=== Your task ===
From the data below, set down exactly the lines between the one holding "#126=CARTESIAN_POINT('',(9.,-43.,46.5));" and the one holding "#133=LINE('',#132,#131);", inclusive, and no others.

====================

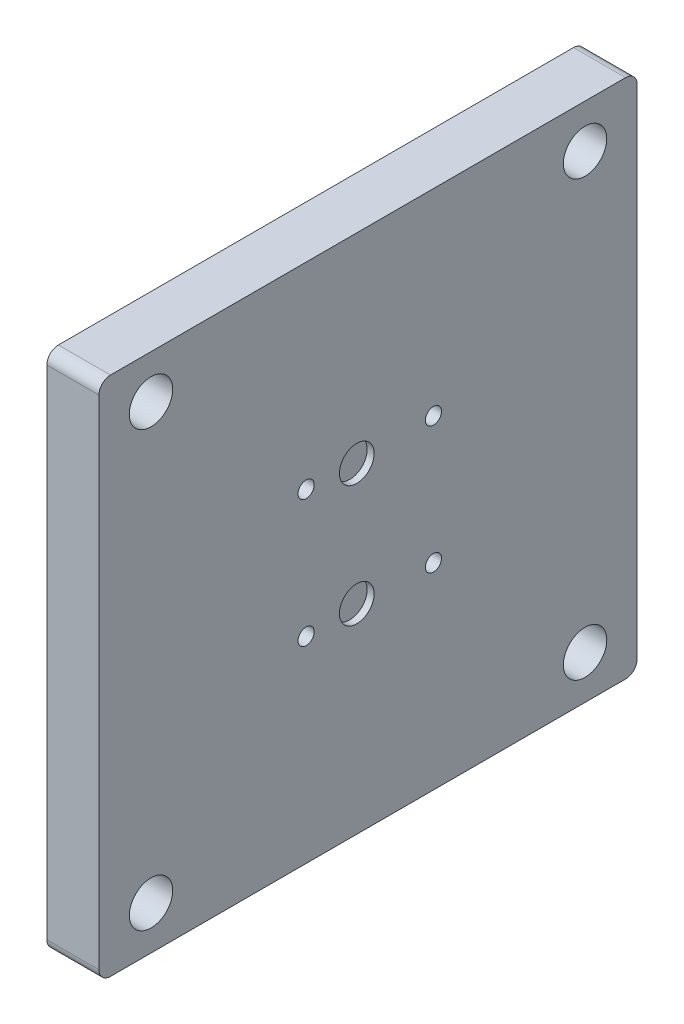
ISO-10303-21;
HEADER;
FILE_DESCRIPTION(('STEP AP214'),'2;1');
FILE_NAME('part.step','',(''),(''),'','','');
FILE_SCHEMA(('AUTOMOTIVE_DESIGN { 1 0 10303 214 1 1 1 1 }'));
ENDSEC;
DATA;
#1=APPLICATION_CONTEXT('core data for automotive mechanical design processes');
#2=APPLICATION_PROTOCOL_DEFINITION('international standard','automotive_design',2000,#1);
#3=PRODUCT_CONTEXT('',#1,'mechanical');
#4=PRODUCT('Part','Part','',(#3));
#5=PRODUCT_RELATED_PRODUCT_CATEGORY('part','',(#4));
#6=PRODUCT_DEFINITION_FORMATION('','',#4);
#7=PRODUCT_DEFINITION_CONTEXT('part definition',#1,'design');
#8=PRODUCT_DEFINITION('design','',#6,#7);
#9=PRODUCT_DEFINITION_SHAPE('','',#8);
#10=(LENGTH_UNIT() NAMED_UNIT(*) SI_UNIT(.MILLI.,.METRE.));
#11=(NAMED_UNIT(*) PLANE_ANGLE_UNIT() SI_UNIT($,.RADIAN.));
#12=(NAMED_UNIT(*) SI_UNIT($,.STERADIAN.) SOLID_ANGLE_UNIT());
#13=UNCERTAINTY_MEASURE_WITH_UNIT(LENGTH_MEASURE(1.E-05),#10,'distance_accuracy_value','');
#14=(GEOMETRIC_REPRESENTATION_CONTEXT(3) GLOBAL_UNCERTAINTY_ASSIGNED_CONTEXT((#13)) GLOBAL_UNIT_ASSIGNED_CONTEXT((#10,
#11,#12)) REPRESENTATION_CONTEXT('',''));
#15=CARTESIAN_POINT('',(0.,0.,0.));
#16=DIRECTION('',(0.,0.,1.));
#17=DIRECTION('',(1.,0.,0.));
#18=AXIS2_PLACEMENT_3D('',#15,#16,#17);
#19=CARTESIAN_POINT('',(9.,45.,-46.5));
#20=DIRECTION('',(0.,0.,1.));
#21=DIRECTION('',(0.,-1.,0.));
#22=AXIS2_PLACEMENT_3D('',#19,#20,#21);
#23=PLANE('',#22);
#24=DIRECTION('',(0.,1.,0.));
#25=VECTOR('',#24,1.);
#26=CARTESIAN_POINT('',(0.,45.,-46.5));
#27=LINE('',#26,#25);
#28=CARTESIAN_POINT('',(0.,-43.,-46.5));
#29=VERTEX_POINT('',#28);
#30=CARTESIAN_POINT('',(0.,43.,-46.5));
#31=VERTEX_POINT('',#30);
#32=EDGE_CURVE('E188',#29,#31,#27,.T.);
#33=ORIENTED_EDGE('',*,*,#32,.T.);
#34=DIRECTION('',(-1.,0.,0.));
#35=VECTOR('',#34,1.);
#36=CARTESIAN_POINT('',(9.,43.,-46.5));
#37=LINE('',#36,#35);
#38=CARTESIAN_POINT('',(9.,43.,-46.5));
#39=VERTEX_POINT('',#38);
#40=EDGE_CURVE('E11',#31,#39,#37,.F.);
#41=ORIENTED_EDGE('',*,*,#40,.T.);
#42=DIRECTION('',(0.,1.,0.));
#43=VECTOR('',#42,1.);
#44=CARTESIAN_POINT('',(9.,45.,-46.5));
#45=LINE('',#44,#43);
#46=CARTESIAN_POINT('',(9.,-43.,-46.5));
#47=VERTEX_POINT('',#46);
#48=EDGE_CURVE('E137',#47,#39,#45,.T.);
#49=ORIENTED_EDGE('',*,*,#48,.F.);
#50=DIRECTION('',(-1.,0.,0.));
#51=VECTOR('',#50,1.);
#52=CARTESIAN_POINT('',(9.,-43.,-46.5));
#53=LINE('',#52,#51);
#54=EDGE_CURVE('E49',#47,#29,#53,.T.);
#55=ORIENTED_EDGE('',*,*,#54,.T.);
#56=EDGE_LOOP('',(#33,#41,#49,#55));
#57=FACE_BOUND('',#56,.T.);
#58=ADVANCED_FACE('F39',(#57),#23,.F.);
#59=CARTESIAN_POINT('',(9.,45.,46.5));
#60=DIRECTION('',(0.,-1.,0.));
#61=DIRECTION('',(0.,0.,-1.));
#62=AXIS2_PLACEMENT_3D('',#59,#60,#61);
#63=PLANE('',#62);
#64=DIRECTION('',(0.,0.,1.));
#65=VECTOR('',#64,1.);
#66=CARTESIAN_POINT('',(0.,45.,46.5));
#67=LINE('',#66,#65);
#68=CARTESIAN_POINT('',(0.,45.,-44.5));
#69=VERTEX_POINT('',#68);
#70=CARTESIAN_POINT('',(0.,45.,44.5));
#71=VERTEX_POINT('',#70);
#72=EDGE_CURVE('E146',#69,#71,#67,.T.);
#73=ORIENTED_EDGE('',*,*,#72,.T.);
#74=DIRECTION('',(-1.,0.,0.));
#75=VECTOR('',#74,1.);
#76=CARTESIAN_POINT('',(9.,45.,44.5));
#77=LINE('',#76,#75);
#78=CARTESIAN_POINT('',(9.,45.,44.5));
#79=VERTEX_POINT('',#78);
#80=EDGE_CURVE('E57',#71,#79,#77,.F.);
#81=ORIENTED_EDGE('',*,*,#80,.T.);
#82=DIRECTION('',(0.,0.,1.));
#83=VECTOR('',#82,1.);
#84=CARTESIAN_POINT('',(9.,45.,46.5));
#85=LINE('',#84,#83);
#86=CARTESIAN_POINT('',(9.,45.,-44.5));
#87=VERTEX_POINT('',#86);
#88=EDGE_CURVE('E143',#87,#79,#85,.T.);
#89=ORIENTED_EDGE('',*,*,#88,.F.);
#90=DIRECTION('',(-1.,0.,0.));
#91=VECTOR('',#90,1.);
#92=CARTESIAN_POINT('',(9.,45.,-44.5));
#93=LINE('',#92,#91);
#94=EDGE_CURVE('E175',#87,#69,#93,.T.);
#95=ORIENTED_EDGE('',*,*,#94,.T.);
#96=EDGE_LOOP('',(#73,#81,#89,#95));
#97=FACE_BOUND('',#96,.T.);
#98=ADVANCED_FACE('F325',(#97),#63,.F.);
#99=CARTESIAN_POINT('',(9.,45.,46.5));
#100=DIRECTION('',(0.,0.,-1.));
#101=DIRECTION('',(0.,1.,0.));
#102=AXIS2_PLACEMENT_3D('',#99,#100,#101);
#103=PLANE('',#102);
#104=DIRECTION('',(-1.,0.,0.));
#105=VECTOR('',#104,1.);
#106=CARTESIAN_POINT('',(9.,43.,46.5));
#107=LINE('',#106,#105);
#108=CARTESIAN_POINT('',(9.,43.,46.5));
#109=VERTEX_POINT('',#108);
#110=CARTESIAN_POINT('',(0.,43.,46.5));
#111=VERTEX_POINT('',#110);
#112=EDGE_CURVE('E118',#109,#111,#107,.T.);
#113=ORIENTED_EDGE('',*,*,#112,.T.);
#114=DIRECTION('',(0.,-1.,0.));
#115=VECTOR('',#114,1.);
#116=CARTESIAN_POINT('',(0.,45.,46.5));
#117=LINE('',#116,#115);
#118=CARTESIAN_POINT('',(0.,-43.,46.5));
#119=VERTEX_POINT('',#118);
#120=EDGE_CURVE('E138',#111,#119,#117,.T.);
#121=ORIENTED_EDGE('',*,*,#120,.T.);
#122=DIRECTION('',(-1.,0.,0.));
#123=VECTOR('',#122,1.);
#124=CARTESIAN_POINT('',(9.,-43.,46.5));
#125=LINE('',#124,#123);
#126=CARTESIAN_POINT('',(9.,-43.,46.5));
#127=VERTEX_POINT('',#126);
#128=EDGE_CURVE('E114',#119,#127,#125,.F.);
#129=ORIENTED_EDGE('',*,*,#128,.T.);
#130=DIRECTION('',(0.,-1.,0.));
#131=VECTOR('',#130,1.);
#132=CARTESIAN_POINT('',(9.,45.,46.5));
#133=LINE('',#132,#131);
#134=EDGE_CURVE('E315',#109,#127,#133,.T.);
#135=ORIENTED_EDGE('',*,*,#134,.F.);
#136=EDGE_LOOP('',(#113,#121,#129,#135));
#137=FACE_BOUND('',#136,.T.);
#138=ADVANCED_FACE('F335',(#137),#103,.F.);
#139=CARTESIAN_POINT('',(9.,-45.,46.5));
#140=DIRECTION('',(0.,1.,0.));
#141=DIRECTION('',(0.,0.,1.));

====================

=== Solution to the problem ===
#126=CARTESIAN_POINT('',(9.,-43.,46.5));
#127=VERTEX_POINT('',#126);
#128=EDGE_CURVE('E114',#119,#127,#125,.F.);
#129=ORIENTED_EDGE('',*,*,#128,.T.);
#130=DIRECTION('',(0.,-1.,0.));
#131=VECTOR('',#130,1.);
#132=CARTESIAN_POINT('',(9.,45.,46.5));
#133=LINE('',#132,#131);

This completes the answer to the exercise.